**TASK ITEM**
Retype, word for word, each line between the lines holding "0.15 | 1.50/10 |" and "0.77 | 3.86/5", inclusive, and leave the rest of the data alone.

[Saved data entries]
Start of Block

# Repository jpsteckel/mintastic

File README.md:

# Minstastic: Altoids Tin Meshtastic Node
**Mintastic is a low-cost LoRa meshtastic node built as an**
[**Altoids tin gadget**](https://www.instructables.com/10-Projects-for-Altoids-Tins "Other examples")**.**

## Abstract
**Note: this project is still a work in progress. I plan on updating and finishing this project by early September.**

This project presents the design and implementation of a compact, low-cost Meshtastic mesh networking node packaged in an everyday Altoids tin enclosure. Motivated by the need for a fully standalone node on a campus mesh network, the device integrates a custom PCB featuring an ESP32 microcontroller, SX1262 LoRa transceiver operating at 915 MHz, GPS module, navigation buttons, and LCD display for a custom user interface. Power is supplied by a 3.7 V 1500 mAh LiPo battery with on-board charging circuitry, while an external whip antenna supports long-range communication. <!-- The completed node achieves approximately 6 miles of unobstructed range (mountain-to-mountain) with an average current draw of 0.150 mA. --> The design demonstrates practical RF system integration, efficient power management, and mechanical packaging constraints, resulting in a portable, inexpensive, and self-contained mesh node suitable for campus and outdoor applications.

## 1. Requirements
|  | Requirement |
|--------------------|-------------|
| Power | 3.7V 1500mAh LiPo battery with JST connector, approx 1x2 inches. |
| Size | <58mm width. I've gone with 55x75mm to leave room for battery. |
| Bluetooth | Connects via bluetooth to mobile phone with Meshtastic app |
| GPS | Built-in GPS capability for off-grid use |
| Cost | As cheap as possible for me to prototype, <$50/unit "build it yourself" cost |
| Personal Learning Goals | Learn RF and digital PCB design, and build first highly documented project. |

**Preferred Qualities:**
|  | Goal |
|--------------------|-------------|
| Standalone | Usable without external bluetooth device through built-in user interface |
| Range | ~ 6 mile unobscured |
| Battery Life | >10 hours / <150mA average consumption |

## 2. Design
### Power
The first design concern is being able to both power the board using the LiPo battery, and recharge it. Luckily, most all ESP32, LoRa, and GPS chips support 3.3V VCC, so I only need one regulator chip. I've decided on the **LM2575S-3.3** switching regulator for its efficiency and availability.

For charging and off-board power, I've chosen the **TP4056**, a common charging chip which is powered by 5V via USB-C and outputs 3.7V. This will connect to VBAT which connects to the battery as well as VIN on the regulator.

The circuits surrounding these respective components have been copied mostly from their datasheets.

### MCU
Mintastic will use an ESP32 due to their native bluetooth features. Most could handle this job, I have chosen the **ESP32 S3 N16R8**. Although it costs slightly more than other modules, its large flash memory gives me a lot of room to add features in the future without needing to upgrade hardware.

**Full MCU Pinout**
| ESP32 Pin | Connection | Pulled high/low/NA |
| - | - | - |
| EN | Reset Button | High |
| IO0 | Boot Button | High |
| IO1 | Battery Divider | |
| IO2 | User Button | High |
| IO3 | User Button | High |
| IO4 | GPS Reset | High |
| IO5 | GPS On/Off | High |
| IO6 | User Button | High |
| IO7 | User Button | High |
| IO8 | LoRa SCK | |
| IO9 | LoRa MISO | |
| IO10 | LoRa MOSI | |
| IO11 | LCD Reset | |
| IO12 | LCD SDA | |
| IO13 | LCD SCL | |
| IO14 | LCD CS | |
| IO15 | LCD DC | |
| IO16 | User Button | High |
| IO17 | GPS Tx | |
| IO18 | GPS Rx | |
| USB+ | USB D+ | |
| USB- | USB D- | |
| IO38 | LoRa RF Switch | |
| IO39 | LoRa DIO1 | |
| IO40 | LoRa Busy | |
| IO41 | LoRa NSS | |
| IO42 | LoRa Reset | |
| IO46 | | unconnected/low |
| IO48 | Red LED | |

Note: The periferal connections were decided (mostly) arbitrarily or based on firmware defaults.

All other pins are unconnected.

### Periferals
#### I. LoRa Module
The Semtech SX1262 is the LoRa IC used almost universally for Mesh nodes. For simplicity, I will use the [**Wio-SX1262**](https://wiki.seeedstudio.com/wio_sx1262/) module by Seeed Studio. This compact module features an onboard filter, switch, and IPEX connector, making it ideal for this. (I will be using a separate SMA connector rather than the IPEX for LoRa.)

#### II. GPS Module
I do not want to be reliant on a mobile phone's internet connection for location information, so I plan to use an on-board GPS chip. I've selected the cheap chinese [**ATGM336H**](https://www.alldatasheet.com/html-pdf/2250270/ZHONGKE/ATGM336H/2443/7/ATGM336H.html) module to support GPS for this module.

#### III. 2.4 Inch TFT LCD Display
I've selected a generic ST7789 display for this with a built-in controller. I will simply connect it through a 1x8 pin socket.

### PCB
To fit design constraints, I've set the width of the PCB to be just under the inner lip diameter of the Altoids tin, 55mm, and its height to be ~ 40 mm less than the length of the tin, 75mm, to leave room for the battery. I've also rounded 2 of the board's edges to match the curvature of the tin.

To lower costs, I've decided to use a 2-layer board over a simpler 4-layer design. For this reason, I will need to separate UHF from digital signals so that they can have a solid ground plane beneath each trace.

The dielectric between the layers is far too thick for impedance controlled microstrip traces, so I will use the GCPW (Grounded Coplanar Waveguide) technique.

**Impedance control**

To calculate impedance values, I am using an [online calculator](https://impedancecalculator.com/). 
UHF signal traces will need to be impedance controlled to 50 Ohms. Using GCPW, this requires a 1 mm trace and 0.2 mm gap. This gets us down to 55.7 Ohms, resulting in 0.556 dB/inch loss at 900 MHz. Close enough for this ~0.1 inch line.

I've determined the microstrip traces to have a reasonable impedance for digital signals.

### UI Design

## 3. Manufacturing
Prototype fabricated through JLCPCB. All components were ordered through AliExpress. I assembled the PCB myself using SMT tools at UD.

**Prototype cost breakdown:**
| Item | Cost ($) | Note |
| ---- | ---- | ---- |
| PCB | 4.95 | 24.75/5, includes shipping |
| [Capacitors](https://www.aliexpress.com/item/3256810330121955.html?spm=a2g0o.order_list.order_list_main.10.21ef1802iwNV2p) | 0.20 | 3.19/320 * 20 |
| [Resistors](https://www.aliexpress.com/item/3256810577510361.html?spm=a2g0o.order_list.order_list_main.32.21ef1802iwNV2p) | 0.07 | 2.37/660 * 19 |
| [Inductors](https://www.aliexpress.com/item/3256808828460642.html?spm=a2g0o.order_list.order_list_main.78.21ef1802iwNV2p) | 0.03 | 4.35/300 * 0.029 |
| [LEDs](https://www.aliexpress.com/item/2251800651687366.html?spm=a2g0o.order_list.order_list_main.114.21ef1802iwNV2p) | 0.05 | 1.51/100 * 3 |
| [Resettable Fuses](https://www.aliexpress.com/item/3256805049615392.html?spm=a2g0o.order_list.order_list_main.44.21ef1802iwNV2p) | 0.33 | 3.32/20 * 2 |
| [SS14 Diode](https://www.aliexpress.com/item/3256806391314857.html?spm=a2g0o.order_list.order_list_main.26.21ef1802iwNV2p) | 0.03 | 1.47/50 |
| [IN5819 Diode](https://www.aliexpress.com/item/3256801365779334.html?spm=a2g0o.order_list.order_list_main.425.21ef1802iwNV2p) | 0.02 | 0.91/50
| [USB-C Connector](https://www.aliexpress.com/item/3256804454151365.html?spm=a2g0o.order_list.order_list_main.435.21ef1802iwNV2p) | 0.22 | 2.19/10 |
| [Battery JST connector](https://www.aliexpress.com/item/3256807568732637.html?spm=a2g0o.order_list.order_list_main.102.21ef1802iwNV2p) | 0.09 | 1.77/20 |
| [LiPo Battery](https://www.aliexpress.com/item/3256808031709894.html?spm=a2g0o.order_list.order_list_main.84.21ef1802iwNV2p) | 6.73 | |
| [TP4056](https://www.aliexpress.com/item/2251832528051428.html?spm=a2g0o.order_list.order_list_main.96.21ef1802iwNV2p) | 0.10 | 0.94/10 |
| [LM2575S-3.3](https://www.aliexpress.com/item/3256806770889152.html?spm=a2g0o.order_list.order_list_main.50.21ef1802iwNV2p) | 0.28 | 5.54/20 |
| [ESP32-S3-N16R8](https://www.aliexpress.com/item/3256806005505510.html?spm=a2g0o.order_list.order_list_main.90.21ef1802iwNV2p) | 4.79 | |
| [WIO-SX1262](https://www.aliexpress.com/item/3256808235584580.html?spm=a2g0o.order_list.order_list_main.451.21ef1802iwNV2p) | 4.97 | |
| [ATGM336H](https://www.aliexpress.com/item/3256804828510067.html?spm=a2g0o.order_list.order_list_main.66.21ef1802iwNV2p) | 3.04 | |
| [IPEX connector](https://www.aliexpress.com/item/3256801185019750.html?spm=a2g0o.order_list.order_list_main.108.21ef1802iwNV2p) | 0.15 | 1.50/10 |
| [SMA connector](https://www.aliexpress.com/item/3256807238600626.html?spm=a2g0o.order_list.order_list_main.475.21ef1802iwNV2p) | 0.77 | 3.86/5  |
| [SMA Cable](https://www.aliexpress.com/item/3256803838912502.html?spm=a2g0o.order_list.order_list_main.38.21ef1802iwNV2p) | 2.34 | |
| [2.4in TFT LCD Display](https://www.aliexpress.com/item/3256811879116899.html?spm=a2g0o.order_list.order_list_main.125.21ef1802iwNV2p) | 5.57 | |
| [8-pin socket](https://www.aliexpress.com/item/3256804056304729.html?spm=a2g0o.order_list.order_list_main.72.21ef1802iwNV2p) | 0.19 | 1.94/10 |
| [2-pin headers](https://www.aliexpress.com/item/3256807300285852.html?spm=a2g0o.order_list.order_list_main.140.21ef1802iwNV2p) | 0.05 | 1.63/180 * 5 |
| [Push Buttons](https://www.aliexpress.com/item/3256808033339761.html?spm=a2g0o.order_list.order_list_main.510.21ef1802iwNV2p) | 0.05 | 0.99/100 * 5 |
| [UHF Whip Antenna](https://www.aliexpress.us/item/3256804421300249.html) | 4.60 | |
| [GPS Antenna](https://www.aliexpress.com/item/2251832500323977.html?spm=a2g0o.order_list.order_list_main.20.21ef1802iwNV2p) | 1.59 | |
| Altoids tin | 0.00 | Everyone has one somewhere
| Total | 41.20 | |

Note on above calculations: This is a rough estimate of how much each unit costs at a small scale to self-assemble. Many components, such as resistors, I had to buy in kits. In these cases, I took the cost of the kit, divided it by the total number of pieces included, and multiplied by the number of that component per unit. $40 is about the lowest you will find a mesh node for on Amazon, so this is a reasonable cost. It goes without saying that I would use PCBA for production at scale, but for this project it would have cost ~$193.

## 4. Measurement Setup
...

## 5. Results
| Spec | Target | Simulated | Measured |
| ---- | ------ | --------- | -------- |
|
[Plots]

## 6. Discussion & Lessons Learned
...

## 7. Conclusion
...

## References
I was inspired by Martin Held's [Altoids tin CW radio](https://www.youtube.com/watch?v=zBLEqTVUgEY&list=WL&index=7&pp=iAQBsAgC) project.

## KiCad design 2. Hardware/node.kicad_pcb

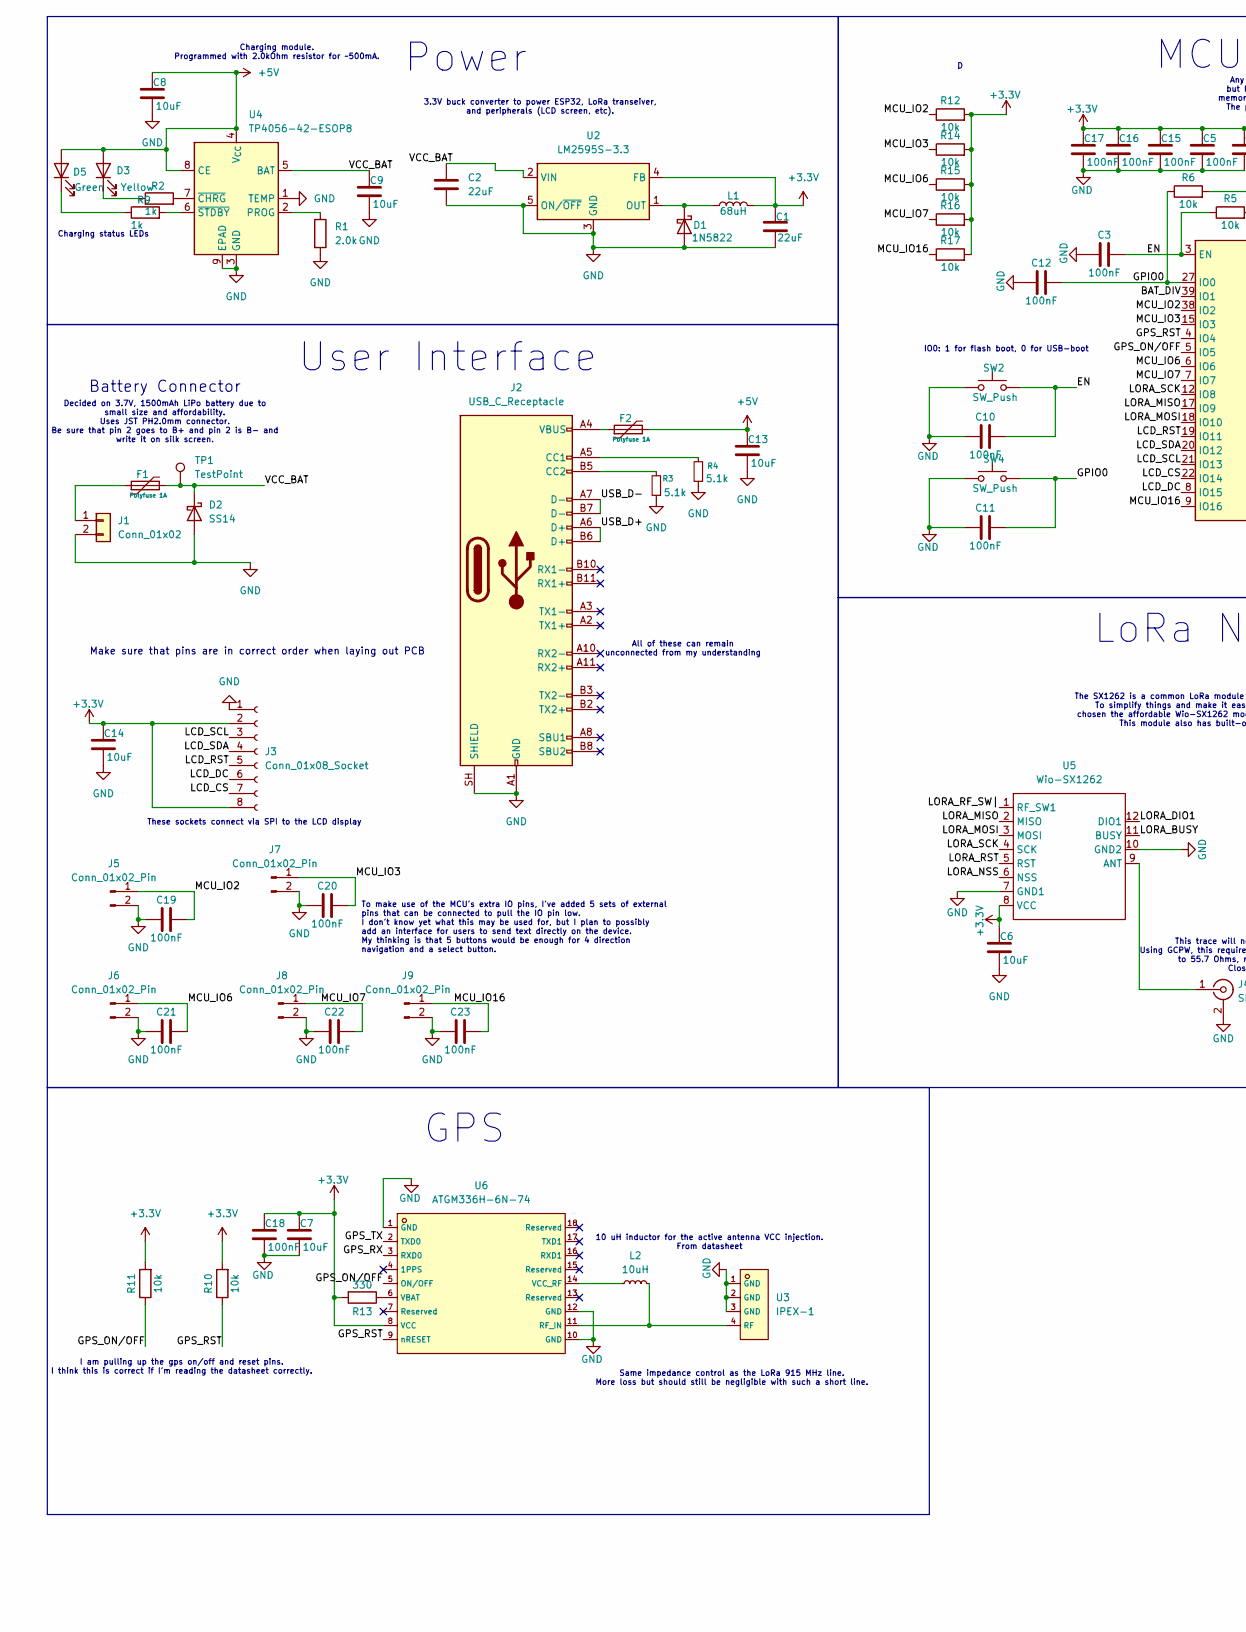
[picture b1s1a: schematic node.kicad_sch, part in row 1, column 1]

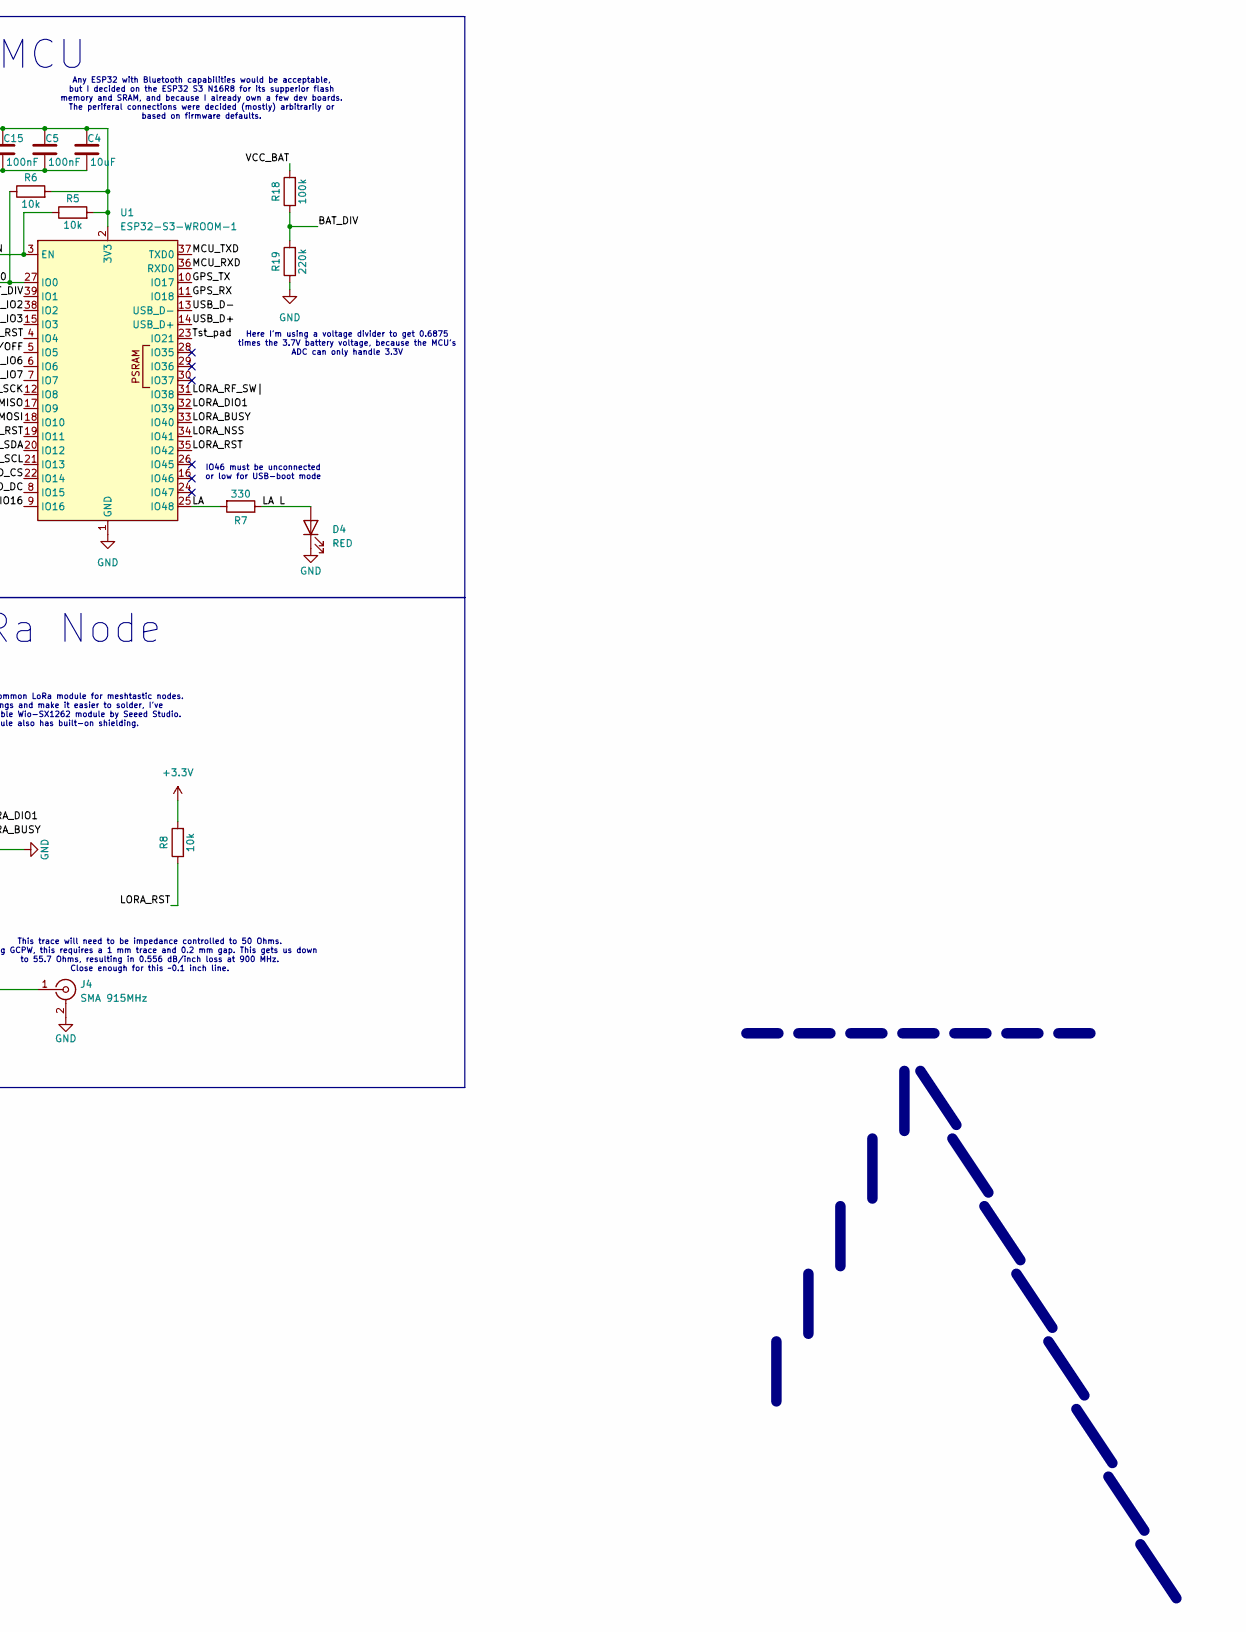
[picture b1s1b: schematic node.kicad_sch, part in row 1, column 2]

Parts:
C1, C2: 22uF; C_0603_1608Metric
C3, C5, C10, C11, C12, C15, C16, C17, C18, C19, C20, C21, C22, C23: 100nF; C_0603_1608Metric
C4, C6, C7, C8, C9, C13, C14: 10uF; C_0603_1608Metric
D1: 1N5822; D_DO-201AD_P15.24mm_Horizontal
D2: SS14; D_SMA
D3: Yellow; LED_0805_2012Metric
D4: RED; LED_0805_2012Metric
D5: Green; LED_0805_2012Metric
F1, F2: Polyfuse 1A; Fuse_0805_2012Metric
J1: Conn_01x02; JST_PH_B2B-PH-K_1x02_P2.00mm_Vertical
J2: USB_C_Receptacle; USB_C_Receptacle_HRO_TYPE-C-31-M-12
J3: Conn_01x08_Socket; PinHeader_1x08_P2.54mm_Vertical
J4: SMA 915MHz; SMA_BAT_Wireless_BWSMA-KWE-Z001
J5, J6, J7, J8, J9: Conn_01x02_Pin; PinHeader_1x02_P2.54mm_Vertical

End of Block

**TASK ANSWER**
| [IPEX connector](https://www.aliexpress.com/item/3256801185019750.html?spm=a2g0o.order_list.order_list_main.108.21ef1802iwNV2p) | 0.15 | 1.50/10 |
| [SMA connector](https://www.aliexpress.com/item/3256807238600626.html?spm=a2g0o.order_list.order_list_main.475.21ef1802iwNV2p) | 0.77 | 3.86/5  |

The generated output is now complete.